Clustering based polyhedral conic functions algorithm in classification

ÖZTÜRK G., Ciftci M. T.

Journal of Industrial and Management Optimization, vol.11, no.3, pp.921-932, 2014 (SCI-Expanded) identifier identifier

  • Publication Type: Article / Article
  • Volume: 11 Issue: 3
  • Publication Date: 2014
  • Doi Number: 10.3934/jimo.2015.11.921
  • Journal Name: Journal of Industrial and Management Optimization
  • Journal Indexes: Science Citation Index Expanded (SCI-EXPANDED), Scopus
  • Page Numbers: pp.921-932
  • Keywords: Classification, polyhedral conic cunctions, K-means, linear programming, computational learning theory, RADIAL EPIDERIVATIVES, SEPARATION
  • Anadolu University Affiliated: Yes


In this study, a new algorithm based on polyhedral conic functions (PCFs) is developed to solve multi-class supervised data classification problems. The k PCFs are constructed for each class in order to separate it from the rest of the data set.
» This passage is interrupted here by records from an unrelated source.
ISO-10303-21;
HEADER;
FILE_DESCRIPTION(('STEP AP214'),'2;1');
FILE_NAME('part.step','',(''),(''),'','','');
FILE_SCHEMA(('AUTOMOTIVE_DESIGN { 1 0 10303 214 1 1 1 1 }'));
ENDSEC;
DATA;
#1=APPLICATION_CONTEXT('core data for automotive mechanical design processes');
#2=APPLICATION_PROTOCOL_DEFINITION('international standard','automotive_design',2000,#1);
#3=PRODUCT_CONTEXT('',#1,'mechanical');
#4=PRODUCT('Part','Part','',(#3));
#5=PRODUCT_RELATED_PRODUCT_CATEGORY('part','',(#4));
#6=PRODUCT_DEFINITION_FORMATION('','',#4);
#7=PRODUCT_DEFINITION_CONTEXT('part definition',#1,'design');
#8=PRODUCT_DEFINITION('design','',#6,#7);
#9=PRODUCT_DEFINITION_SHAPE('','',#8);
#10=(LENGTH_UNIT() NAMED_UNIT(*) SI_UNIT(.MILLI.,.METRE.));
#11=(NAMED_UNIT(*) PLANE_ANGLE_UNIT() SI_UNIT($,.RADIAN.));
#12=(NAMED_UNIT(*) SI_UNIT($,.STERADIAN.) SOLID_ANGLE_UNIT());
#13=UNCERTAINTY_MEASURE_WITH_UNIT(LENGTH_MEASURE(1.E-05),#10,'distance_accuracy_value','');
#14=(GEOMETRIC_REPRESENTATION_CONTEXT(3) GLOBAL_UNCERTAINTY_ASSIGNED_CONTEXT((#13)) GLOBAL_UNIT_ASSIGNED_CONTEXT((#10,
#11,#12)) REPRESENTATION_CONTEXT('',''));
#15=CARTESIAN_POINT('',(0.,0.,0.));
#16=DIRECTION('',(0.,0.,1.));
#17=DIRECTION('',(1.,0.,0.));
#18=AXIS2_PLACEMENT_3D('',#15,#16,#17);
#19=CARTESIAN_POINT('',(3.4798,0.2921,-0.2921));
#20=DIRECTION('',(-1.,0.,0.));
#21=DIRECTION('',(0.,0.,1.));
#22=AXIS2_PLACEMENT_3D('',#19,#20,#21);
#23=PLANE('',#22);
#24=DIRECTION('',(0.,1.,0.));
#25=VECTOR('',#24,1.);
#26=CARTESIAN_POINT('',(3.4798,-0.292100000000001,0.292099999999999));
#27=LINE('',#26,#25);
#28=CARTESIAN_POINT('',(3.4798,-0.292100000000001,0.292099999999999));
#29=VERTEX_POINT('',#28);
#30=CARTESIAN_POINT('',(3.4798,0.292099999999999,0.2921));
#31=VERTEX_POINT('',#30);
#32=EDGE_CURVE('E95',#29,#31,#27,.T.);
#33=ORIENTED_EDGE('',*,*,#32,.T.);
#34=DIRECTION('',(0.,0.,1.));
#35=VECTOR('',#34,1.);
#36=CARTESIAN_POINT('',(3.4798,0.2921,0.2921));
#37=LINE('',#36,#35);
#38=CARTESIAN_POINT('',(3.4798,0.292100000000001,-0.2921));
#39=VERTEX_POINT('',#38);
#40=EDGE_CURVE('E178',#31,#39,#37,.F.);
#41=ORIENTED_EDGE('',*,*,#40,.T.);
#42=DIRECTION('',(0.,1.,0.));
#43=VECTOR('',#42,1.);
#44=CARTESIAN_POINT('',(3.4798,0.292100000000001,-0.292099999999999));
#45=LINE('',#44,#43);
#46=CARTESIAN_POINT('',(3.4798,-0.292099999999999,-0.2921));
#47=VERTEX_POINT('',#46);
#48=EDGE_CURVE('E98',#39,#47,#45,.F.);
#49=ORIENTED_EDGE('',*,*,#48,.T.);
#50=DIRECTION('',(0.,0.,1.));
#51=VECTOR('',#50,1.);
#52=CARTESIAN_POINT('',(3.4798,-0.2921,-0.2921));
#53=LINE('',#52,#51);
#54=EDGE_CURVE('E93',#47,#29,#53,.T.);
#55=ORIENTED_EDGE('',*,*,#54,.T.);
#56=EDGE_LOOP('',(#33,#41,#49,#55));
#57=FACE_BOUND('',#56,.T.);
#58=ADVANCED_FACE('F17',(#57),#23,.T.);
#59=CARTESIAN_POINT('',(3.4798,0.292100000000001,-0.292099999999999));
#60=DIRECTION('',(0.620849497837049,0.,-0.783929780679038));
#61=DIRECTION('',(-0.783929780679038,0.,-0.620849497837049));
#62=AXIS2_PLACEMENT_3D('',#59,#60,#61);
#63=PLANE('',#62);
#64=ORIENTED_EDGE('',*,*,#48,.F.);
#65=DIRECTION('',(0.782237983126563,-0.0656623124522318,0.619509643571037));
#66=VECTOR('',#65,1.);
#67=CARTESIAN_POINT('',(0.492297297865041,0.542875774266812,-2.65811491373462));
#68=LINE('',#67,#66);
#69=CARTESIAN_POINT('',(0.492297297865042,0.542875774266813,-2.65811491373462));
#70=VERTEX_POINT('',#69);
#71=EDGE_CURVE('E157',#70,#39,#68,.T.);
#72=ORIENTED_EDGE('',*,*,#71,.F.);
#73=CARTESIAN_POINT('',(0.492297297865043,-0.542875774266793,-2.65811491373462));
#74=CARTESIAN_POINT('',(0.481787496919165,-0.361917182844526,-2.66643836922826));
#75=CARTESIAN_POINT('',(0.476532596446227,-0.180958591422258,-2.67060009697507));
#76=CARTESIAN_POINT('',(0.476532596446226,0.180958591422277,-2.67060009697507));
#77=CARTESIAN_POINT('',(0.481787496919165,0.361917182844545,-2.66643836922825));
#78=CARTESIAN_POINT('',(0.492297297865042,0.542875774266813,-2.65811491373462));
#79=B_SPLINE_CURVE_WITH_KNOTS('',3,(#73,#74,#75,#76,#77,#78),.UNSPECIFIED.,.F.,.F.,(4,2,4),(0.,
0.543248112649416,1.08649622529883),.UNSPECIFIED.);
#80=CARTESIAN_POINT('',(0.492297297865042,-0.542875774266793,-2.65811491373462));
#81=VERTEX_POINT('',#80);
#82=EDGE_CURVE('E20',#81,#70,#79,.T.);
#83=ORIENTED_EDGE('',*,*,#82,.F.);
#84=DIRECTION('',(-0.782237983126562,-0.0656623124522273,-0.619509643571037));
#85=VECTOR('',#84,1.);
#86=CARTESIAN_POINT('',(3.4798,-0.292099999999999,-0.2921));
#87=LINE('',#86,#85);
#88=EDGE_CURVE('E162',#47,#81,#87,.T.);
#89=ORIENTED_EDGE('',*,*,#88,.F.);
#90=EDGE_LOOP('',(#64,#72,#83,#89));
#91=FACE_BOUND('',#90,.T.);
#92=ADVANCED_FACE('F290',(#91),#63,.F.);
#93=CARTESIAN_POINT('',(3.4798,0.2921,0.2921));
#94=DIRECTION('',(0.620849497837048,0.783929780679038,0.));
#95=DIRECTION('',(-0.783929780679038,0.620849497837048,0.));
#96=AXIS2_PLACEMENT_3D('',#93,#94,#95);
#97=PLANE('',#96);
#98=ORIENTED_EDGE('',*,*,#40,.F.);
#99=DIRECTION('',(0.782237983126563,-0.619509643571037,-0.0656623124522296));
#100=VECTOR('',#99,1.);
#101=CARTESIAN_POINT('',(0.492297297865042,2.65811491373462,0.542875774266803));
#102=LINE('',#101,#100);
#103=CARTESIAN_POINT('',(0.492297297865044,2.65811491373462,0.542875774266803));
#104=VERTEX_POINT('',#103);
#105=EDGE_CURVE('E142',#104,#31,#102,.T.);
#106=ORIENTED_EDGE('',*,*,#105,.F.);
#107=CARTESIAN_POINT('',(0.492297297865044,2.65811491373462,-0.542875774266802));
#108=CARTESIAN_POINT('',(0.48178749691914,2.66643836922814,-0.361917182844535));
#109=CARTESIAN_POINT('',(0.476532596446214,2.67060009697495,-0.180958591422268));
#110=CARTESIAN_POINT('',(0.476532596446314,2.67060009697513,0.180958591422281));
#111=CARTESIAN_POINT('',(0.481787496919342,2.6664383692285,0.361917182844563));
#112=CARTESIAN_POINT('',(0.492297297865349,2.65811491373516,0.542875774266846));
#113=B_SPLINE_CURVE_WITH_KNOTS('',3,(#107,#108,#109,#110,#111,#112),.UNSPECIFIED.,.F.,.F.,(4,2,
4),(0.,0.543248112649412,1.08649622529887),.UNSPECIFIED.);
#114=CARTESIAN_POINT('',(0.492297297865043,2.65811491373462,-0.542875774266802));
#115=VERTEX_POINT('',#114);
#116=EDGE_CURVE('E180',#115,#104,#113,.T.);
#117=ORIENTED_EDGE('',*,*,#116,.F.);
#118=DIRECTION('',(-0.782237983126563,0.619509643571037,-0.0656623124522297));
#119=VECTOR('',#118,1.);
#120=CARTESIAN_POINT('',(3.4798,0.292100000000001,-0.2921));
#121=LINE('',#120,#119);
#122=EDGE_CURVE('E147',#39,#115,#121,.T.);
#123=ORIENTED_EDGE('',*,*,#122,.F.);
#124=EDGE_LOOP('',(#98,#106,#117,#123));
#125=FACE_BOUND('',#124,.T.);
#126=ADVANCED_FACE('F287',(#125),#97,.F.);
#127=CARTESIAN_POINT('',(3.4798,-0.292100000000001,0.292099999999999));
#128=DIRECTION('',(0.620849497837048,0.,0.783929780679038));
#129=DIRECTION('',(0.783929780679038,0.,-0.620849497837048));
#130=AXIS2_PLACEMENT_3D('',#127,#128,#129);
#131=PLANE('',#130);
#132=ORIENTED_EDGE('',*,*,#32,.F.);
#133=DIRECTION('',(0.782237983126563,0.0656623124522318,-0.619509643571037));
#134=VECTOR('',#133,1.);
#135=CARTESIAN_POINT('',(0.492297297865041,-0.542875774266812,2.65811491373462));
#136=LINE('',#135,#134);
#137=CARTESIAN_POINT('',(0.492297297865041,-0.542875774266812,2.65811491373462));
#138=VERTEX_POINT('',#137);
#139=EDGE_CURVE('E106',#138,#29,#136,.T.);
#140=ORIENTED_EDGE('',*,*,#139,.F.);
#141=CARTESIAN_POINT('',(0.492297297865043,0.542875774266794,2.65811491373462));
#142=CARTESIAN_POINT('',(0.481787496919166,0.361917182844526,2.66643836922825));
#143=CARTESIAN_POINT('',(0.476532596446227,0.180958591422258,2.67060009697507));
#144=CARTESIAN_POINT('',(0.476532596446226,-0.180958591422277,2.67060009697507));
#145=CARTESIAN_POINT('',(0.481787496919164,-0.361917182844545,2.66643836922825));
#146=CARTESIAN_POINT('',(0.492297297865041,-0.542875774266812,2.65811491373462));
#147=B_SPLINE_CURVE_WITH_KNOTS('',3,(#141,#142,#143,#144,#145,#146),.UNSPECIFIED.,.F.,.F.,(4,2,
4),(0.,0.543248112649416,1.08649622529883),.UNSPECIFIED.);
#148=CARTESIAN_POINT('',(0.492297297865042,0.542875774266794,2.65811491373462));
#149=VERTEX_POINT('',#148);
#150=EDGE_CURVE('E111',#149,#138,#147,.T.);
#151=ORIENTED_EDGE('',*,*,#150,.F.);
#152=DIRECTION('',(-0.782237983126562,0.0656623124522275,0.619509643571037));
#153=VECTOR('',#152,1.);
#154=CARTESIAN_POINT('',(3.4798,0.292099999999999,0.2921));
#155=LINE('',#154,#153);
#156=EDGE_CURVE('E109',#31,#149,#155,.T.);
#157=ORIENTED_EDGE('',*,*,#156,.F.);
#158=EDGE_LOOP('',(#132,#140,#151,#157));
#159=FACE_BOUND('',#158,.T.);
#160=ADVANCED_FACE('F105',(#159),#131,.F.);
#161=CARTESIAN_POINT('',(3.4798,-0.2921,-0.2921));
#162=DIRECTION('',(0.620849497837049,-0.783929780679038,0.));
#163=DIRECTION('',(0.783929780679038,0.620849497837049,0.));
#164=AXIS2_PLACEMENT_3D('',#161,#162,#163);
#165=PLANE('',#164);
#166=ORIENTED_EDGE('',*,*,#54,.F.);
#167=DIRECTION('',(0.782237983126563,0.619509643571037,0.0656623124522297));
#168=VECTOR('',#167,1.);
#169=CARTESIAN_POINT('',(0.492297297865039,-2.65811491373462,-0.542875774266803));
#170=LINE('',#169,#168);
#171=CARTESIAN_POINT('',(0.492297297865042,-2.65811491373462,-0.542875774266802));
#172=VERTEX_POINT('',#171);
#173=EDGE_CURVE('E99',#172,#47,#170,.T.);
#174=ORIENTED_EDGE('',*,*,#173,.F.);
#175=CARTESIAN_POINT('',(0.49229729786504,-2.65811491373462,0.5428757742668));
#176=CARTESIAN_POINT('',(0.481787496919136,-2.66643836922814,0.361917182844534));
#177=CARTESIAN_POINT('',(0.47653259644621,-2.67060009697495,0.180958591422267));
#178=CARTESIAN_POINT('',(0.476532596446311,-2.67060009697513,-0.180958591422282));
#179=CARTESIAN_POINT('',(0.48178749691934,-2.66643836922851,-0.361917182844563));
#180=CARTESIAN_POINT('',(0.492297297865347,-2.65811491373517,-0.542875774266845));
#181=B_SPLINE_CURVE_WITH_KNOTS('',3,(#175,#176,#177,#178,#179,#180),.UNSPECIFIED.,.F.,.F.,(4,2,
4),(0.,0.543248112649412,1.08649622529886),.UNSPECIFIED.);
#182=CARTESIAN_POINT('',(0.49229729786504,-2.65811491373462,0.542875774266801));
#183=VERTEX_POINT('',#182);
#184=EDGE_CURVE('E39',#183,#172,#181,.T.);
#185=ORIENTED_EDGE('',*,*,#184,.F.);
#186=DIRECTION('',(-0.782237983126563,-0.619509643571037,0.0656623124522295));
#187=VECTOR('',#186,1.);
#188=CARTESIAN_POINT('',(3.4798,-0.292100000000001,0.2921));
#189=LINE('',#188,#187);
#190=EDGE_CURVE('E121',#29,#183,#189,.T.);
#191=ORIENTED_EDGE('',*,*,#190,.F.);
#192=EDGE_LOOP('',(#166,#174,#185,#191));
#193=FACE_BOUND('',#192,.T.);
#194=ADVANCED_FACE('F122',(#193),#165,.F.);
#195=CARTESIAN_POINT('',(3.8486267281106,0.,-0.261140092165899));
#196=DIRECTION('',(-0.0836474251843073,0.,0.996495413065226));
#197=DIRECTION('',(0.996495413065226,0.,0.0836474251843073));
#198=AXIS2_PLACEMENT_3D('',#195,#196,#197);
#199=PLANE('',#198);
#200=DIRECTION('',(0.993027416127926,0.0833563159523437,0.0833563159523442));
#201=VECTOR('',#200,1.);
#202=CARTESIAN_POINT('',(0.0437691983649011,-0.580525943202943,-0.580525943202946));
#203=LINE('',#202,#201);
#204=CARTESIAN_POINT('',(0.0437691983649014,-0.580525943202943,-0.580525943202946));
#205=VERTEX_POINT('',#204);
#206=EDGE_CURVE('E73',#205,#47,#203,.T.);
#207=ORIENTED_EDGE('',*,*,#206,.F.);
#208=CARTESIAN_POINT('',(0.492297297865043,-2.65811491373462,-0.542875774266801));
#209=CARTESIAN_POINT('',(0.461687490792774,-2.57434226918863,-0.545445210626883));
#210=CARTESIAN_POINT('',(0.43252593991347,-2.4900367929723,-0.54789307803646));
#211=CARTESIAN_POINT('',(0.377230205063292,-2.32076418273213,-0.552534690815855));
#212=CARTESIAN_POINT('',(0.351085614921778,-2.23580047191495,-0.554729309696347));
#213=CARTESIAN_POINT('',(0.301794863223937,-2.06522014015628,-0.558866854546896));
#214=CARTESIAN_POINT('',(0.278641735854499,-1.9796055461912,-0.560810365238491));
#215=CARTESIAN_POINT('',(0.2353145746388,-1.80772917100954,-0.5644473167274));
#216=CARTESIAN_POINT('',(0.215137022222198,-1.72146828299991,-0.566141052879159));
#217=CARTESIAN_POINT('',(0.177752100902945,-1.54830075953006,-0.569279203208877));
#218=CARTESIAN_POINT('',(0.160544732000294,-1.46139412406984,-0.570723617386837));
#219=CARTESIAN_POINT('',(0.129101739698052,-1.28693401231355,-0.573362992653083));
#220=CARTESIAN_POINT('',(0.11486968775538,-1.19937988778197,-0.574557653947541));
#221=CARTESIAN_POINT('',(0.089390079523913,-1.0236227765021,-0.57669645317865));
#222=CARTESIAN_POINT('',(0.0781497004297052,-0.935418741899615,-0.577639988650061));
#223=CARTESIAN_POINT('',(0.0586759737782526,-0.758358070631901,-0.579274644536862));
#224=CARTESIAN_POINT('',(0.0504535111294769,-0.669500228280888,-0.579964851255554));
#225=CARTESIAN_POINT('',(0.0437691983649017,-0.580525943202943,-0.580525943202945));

The k-means algorithm is applied to find vertices of PCFs and then a linear programming model is solved to calculate the parameters of each PCF. The separating functions for each class are obtained as a pointwise minimum of the PCFs. A class label is assigned to the test point according to its minimum value over all separating functions. In order to demonstrate the performance of the proposed algorithm, it is applied to solve classification problems in publicly available data sets. The comparative results with some mainstream classifiers are presented.